— Action item —
In the entries below, count every line containing "Outport". Return the number and nothing else.

— Listed records —
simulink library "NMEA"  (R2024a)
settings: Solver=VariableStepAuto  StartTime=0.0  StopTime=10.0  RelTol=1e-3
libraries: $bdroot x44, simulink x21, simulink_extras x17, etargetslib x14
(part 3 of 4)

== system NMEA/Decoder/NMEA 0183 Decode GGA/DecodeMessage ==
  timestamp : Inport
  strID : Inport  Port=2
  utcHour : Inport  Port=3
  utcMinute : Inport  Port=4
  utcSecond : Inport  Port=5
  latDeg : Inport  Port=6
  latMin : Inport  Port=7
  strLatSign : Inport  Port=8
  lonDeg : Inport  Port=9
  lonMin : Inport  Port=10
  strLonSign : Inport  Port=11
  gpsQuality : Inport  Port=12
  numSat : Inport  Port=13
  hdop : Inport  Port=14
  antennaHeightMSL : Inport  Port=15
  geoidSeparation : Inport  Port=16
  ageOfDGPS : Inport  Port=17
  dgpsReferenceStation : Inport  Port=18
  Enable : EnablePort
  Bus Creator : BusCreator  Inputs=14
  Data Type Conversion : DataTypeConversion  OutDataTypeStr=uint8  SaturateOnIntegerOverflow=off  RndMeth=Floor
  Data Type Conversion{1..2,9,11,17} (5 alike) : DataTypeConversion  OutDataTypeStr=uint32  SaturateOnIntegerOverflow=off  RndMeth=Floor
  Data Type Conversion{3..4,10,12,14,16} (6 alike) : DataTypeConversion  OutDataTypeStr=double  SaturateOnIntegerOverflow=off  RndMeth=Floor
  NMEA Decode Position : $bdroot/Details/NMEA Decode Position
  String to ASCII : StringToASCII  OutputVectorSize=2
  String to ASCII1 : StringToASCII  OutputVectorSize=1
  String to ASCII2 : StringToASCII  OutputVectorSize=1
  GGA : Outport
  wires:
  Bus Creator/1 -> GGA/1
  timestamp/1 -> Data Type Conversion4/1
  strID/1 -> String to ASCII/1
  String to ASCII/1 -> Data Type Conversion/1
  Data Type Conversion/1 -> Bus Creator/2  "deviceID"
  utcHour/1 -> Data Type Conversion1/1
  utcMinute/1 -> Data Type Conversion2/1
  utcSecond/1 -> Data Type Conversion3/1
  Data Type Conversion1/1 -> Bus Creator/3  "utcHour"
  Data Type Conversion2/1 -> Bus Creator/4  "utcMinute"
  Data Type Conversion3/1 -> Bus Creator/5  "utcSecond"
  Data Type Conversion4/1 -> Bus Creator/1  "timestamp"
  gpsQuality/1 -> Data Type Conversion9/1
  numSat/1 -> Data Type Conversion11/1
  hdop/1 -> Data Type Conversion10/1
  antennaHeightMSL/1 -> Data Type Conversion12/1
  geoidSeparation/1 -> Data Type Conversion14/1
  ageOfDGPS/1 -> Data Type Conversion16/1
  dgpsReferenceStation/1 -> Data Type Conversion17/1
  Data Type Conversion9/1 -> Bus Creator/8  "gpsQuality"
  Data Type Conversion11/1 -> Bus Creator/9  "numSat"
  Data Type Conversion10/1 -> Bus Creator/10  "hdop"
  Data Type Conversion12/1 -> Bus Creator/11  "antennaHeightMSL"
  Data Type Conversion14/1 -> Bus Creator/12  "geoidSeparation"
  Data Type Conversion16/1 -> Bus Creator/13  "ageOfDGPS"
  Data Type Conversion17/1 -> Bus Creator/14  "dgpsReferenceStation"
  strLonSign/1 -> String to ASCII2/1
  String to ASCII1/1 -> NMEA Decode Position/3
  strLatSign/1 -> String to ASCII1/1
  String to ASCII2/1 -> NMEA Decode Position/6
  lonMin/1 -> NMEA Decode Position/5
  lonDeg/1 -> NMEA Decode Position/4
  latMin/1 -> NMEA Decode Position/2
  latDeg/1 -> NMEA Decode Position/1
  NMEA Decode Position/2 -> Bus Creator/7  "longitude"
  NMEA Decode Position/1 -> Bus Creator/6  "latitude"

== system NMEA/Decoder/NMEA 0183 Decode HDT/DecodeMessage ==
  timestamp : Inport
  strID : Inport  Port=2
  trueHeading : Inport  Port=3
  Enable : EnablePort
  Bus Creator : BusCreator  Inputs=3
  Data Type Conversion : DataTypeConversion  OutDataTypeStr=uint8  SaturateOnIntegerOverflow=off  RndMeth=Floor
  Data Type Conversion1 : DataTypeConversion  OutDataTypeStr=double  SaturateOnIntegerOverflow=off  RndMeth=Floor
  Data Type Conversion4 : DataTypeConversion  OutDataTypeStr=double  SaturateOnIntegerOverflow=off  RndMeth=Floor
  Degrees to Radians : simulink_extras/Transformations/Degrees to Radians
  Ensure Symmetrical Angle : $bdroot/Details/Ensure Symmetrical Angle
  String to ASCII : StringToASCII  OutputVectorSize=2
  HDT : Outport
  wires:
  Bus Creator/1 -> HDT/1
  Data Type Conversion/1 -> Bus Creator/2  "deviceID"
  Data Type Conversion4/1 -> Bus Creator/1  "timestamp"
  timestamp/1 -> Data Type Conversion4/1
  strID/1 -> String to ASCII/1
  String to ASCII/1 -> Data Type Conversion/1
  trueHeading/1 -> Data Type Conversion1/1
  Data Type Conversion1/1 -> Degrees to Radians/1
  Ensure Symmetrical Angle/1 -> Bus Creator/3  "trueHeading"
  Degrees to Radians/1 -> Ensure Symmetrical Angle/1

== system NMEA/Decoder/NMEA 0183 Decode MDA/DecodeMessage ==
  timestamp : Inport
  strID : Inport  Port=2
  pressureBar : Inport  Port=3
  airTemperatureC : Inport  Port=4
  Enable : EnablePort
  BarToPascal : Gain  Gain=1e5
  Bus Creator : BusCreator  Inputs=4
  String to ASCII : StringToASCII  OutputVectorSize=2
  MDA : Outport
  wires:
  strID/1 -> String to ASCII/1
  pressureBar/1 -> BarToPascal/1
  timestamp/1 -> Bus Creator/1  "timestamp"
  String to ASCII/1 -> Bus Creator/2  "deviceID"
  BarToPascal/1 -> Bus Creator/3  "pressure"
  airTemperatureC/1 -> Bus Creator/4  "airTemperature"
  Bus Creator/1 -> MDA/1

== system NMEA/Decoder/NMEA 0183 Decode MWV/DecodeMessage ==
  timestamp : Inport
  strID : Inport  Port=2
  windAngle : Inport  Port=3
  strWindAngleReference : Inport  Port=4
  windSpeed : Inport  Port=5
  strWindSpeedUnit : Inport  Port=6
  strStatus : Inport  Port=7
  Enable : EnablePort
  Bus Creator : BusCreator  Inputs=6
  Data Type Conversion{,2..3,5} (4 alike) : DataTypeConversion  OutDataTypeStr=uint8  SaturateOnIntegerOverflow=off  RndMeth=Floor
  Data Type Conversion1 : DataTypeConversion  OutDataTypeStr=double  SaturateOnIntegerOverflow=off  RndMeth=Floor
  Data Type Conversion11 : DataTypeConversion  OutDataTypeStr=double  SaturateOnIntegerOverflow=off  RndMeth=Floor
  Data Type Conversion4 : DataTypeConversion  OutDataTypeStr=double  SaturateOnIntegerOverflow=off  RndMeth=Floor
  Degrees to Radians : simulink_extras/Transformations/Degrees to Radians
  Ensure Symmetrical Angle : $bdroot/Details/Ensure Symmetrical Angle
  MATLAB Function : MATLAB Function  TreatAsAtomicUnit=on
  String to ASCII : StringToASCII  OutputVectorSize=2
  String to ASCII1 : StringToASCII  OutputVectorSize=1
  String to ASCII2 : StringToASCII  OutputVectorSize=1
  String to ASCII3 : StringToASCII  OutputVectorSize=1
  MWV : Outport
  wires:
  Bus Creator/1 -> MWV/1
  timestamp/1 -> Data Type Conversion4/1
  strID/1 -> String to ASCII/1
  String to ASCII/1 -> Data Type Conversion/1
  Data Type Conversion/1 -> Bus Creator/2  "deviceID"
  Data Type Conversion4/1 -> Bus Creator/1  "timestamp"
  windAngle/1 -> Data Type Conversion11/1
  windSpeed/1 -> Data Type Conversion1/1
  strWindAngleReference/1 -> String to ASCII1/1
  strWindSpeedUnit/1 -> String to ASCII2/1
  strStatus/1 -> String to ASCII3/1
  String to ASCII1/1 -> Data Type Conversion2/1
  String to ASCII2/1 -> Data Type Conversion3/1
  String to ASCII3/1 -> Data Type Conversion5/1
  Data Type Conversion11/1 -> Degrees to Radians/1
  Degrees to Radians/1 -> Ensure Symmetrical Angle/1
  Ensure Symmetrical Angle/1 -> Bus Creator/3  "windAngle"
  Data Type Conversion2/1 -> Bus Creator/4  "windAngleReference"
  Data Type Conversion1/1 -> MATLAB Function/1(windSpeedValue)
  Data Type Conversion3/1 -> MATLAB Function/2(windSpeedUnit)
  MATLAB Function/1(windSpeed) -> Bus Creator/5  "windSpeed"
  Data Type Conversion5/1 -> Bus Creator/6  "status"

— Completed exercise —
4